Ma cosa è accaduto? A seguito di una confusa trattativa sindacale per il rinnovo del contratto decentrato del Comune di Venezia è stato sottoscritto un accordo tra l’amministrazione della città e il solo sindacato di categoria della Cisl. Nel linguaggio corrente si tratta di un contratto separato, assolutamente legittimo perché sottoscritto da una delle organizzazioni maggiormente rappresentative e firmataria del contratto collettivo nazionale, anche se certamente non maggioritaria tra gli iscritti sindacali del comune.
La questione prescinde, allo stato, dal merito dell’intesa – che non è stata condivisa dalle altre organizzazioni sindacali e che sarà giudicata da ciascun lavoratore – ma è importante a individuare il percorso che seguirà l’applicazione dell’accordo se non interverranno fatti nuovi. La sottoscrizione di accordi separati (al di là dell’espressione tendenzialmente spregiativa va detto che spesso queste intese si sono rivelate sagge intuizioni) è sempre sempre stata possibile mancando le norme applicative dell’articolo 39 della Costituzione. E’ evidente che, in presenza di un pluralismo sindacale costituzionalmente protetto, non si può impedire a nessun sindacato di sottoscrivere da solo un accordo se trova una controparte disponibile a firmarlo.
Per esempio il 29 luglio 2013 la Fiom-Cgil ha sottoscritto con Unionmeccanica-Confapi un contratto collettivo nazionale. La questione è sempre stata, almeno nel settore privato, della comprensibile preoccupazione degli imprenditori (che talvolta tradiva l’intenzione di togliersi un fastidio nella convinzione di aver poi mani libere) di non aprire fronti conflittuali che potevano render difficile il governo aziendale. In questo caso è il “padrone”, ancorché pubblico, che è protagonista di un accordo separato e in tutta evidenza, almeno secondo i numeri, minoritario.
I sindacati confederali ed autonomi che non hanno sottoscritto l’intesa preannunciano un referendum per il 18-21 maggio mentre la Cisl riunirà giustamente l’assemblea dei propri iscritti, gli unici legittimati in questa fase ad esprimere un parere.
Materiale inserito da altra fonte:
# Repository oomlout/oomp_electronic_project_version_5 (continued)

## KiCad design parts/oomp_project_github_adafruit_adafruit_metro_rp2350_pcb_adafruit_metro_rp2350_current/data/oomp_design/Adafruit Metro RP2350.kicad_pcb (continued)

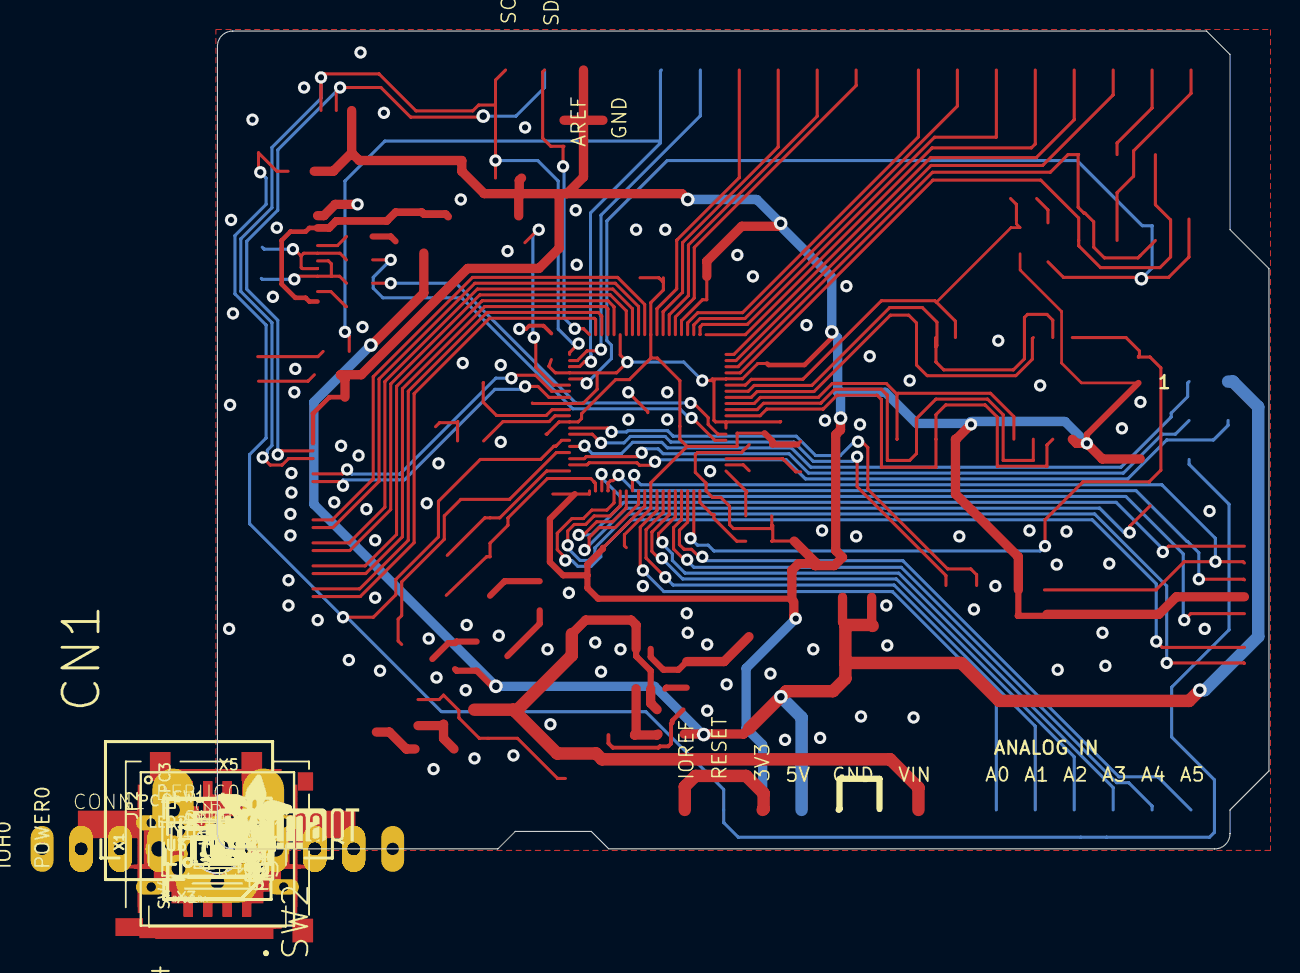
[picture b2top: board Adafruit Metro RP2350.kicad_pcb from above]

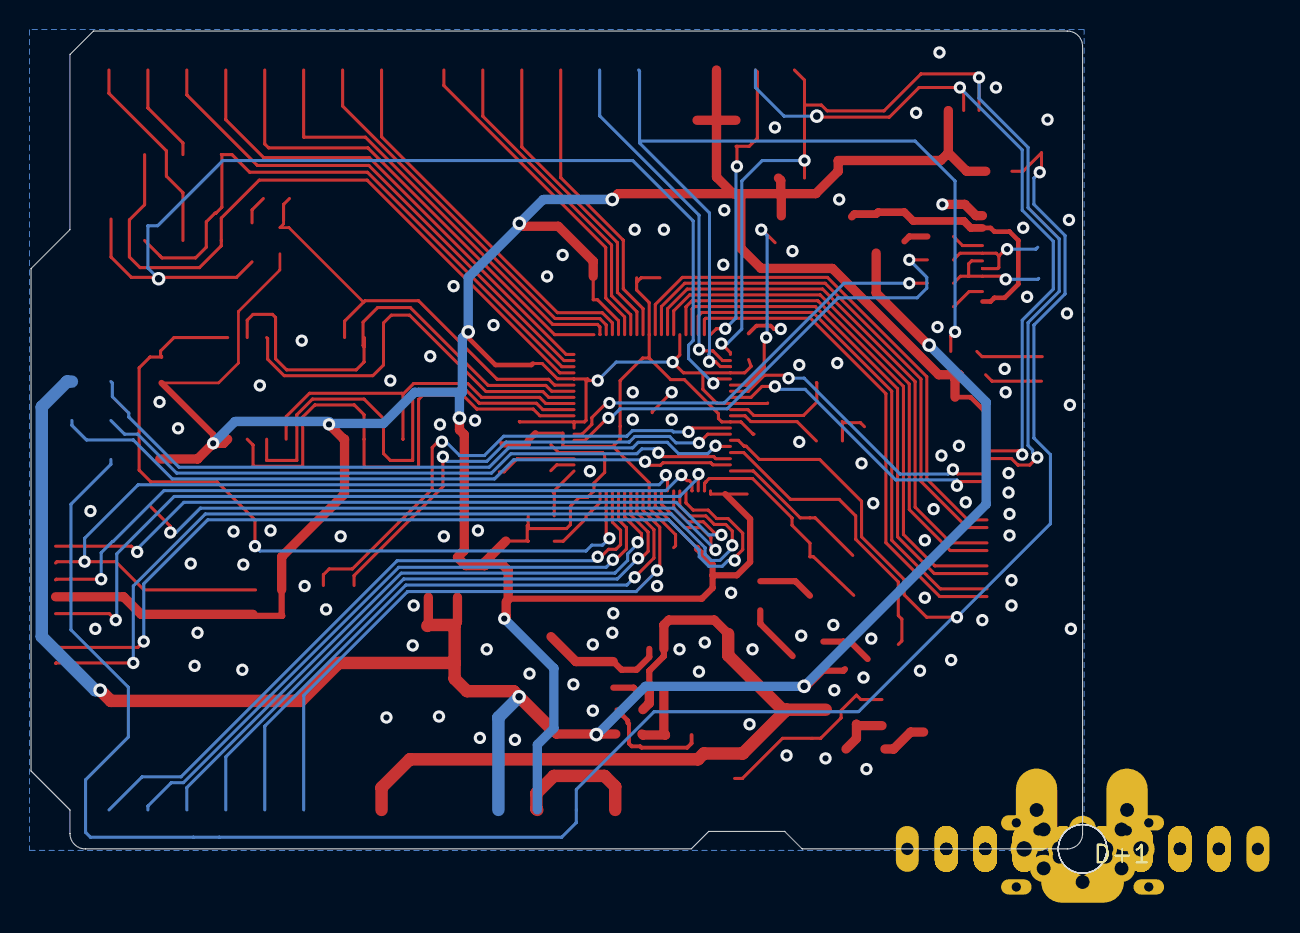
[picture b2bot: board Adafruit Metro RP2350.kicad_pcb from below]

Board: 2 copper layers, 68.6 x 53.3 mm, 174 parts (5 on the bottom side), 89 nets.

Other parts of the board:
PLABEL0: PLABEL0
PLABEL1: PLABEL1
PLABEL2: PLABEL2
PLABEL3: PLABEL3
PLABEL4: PLABEL4
PLABEL5: PLABEL5
PLABEL6: PLABEL6
PLABEL7: PLABEL7
PLABEL8: PLABEL8
PLABEL10: PLABEL10
PLABEL11: PLABEL11
PLABEL12: PLABEL12
PLABEL13: PLABEL13
PLABEL14: PLABEL14
PLABEL15: PLABEL15
PLABEL16: PLABEL16
PLABEL17: PLABEL17
PLABEL18: PLABEL18
PLABEL19: PLABEL19
PLABEL20: PLABEL20
PLABEL21: PLABEL21
PLABEL22: PLABEL22
PLABEL23: PLABEL23
PLABEL24: PLABEL24
PLABEL25: PLABEL25
PLABEL26: PLABEL26
PLABEL27: PLABEL27
PLABEL28: PLABEL28
PLABEL29: PLABEL29
PLABEL30: PLABEL30
PLABEL31: PLABEL31
PLABEL32: PLABEL32
PLABEL33: PLABEL33
PLABEL34: PLABEL34
PLABEL35: PLABEL35
PLABEL36: PLABEL36
PLABEL37: PLABEL37
PLABEL38: PLABEL38
PLABEL39: PLABEL39
PLABEL40: PLABEL40
PLABEL41: PLABEL41
PLABEL42: PLABEL42
PLABEL43: PLABEL43
PLABEL46: PLABEL46
PLABEL47: PLABEL47
PLABEL48: PLABEL48
PLABEL49: PLABEL49
PLABEL50: PLABEL50
PLABEL51: PLABEL51
PLABEL52: PLABEL52
PLABEL53: PLABEL53
PLABEL54: PLABEL54
PLABEL55: PLABEL55
PLABEL56: PLABEL56
PLABEL57: PLABEL57
PLABEL59: PLABEL59
PLABEL60: PLABEL60
PLABEL62: PLABEL62
PLABEL63: PLABEL63
PLABEL64: PLABEL64
PLABEL65: PLABEL65
PLABEL66: PLABEL66
PLABEL67: PLABEL67
PLABEL68: PLABEL68
PLABEL69: PLABEL69
PLABEL70: PLABEL70
U$3: STEMMAQT
U$11: PCBFEAT-REV-040
U$47: METRO_RP2350_TOP
U$50: ADAFRUIT_5MM
U$71: METRO_RP2350_BOT
UNK_HOLE_0: dummyfp0
UNK_HOLE_1: dummyfp1
UNK_HOLE_2: dummyfp2
UNK_HOLE_3: dummyfp3

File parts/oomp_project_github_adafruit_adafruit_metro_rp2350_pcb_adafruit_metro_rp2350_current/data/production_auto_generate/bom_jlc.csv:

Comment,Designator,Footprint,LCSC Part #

I percorsi sono divaricanti e sembra difficile riproporre le vie dell’accordo “separato” tra Marchionne e la Fim, il Fismic e la Uilm che si conclusa con un referendum che segnò peraltro la sconfitta della Fiom. Ma il referendum del comune di Venezia avrà un valore politico che non può certo inficiare – legibus sic stantibus – l’accordo sottoscritto dalla Cisl. Difficile capire cosa accadrà alla fine di questa contorta vicenda che però ha un indubbio merito, quello di porre il problema delle regole che garantiscano l’efficacia generale dei contratti sottoscritti dai soggetti rappresentativi.
L’auspicio è che non prevalga la democrazia a cinque stelle che si realizza non solo nel voto sul web ma anche nel ricorso sistematico ai referendum. In certe particolari situazioni il parere di tutti i lavoratori è necessario ma il ruolo dei delegati democraticamente eletti, accanto ad una sera rivisitazione degli obiettivi e delle forme di lotta, rimane la spina dorsale di un sindacato moderno attento agli interessi generali.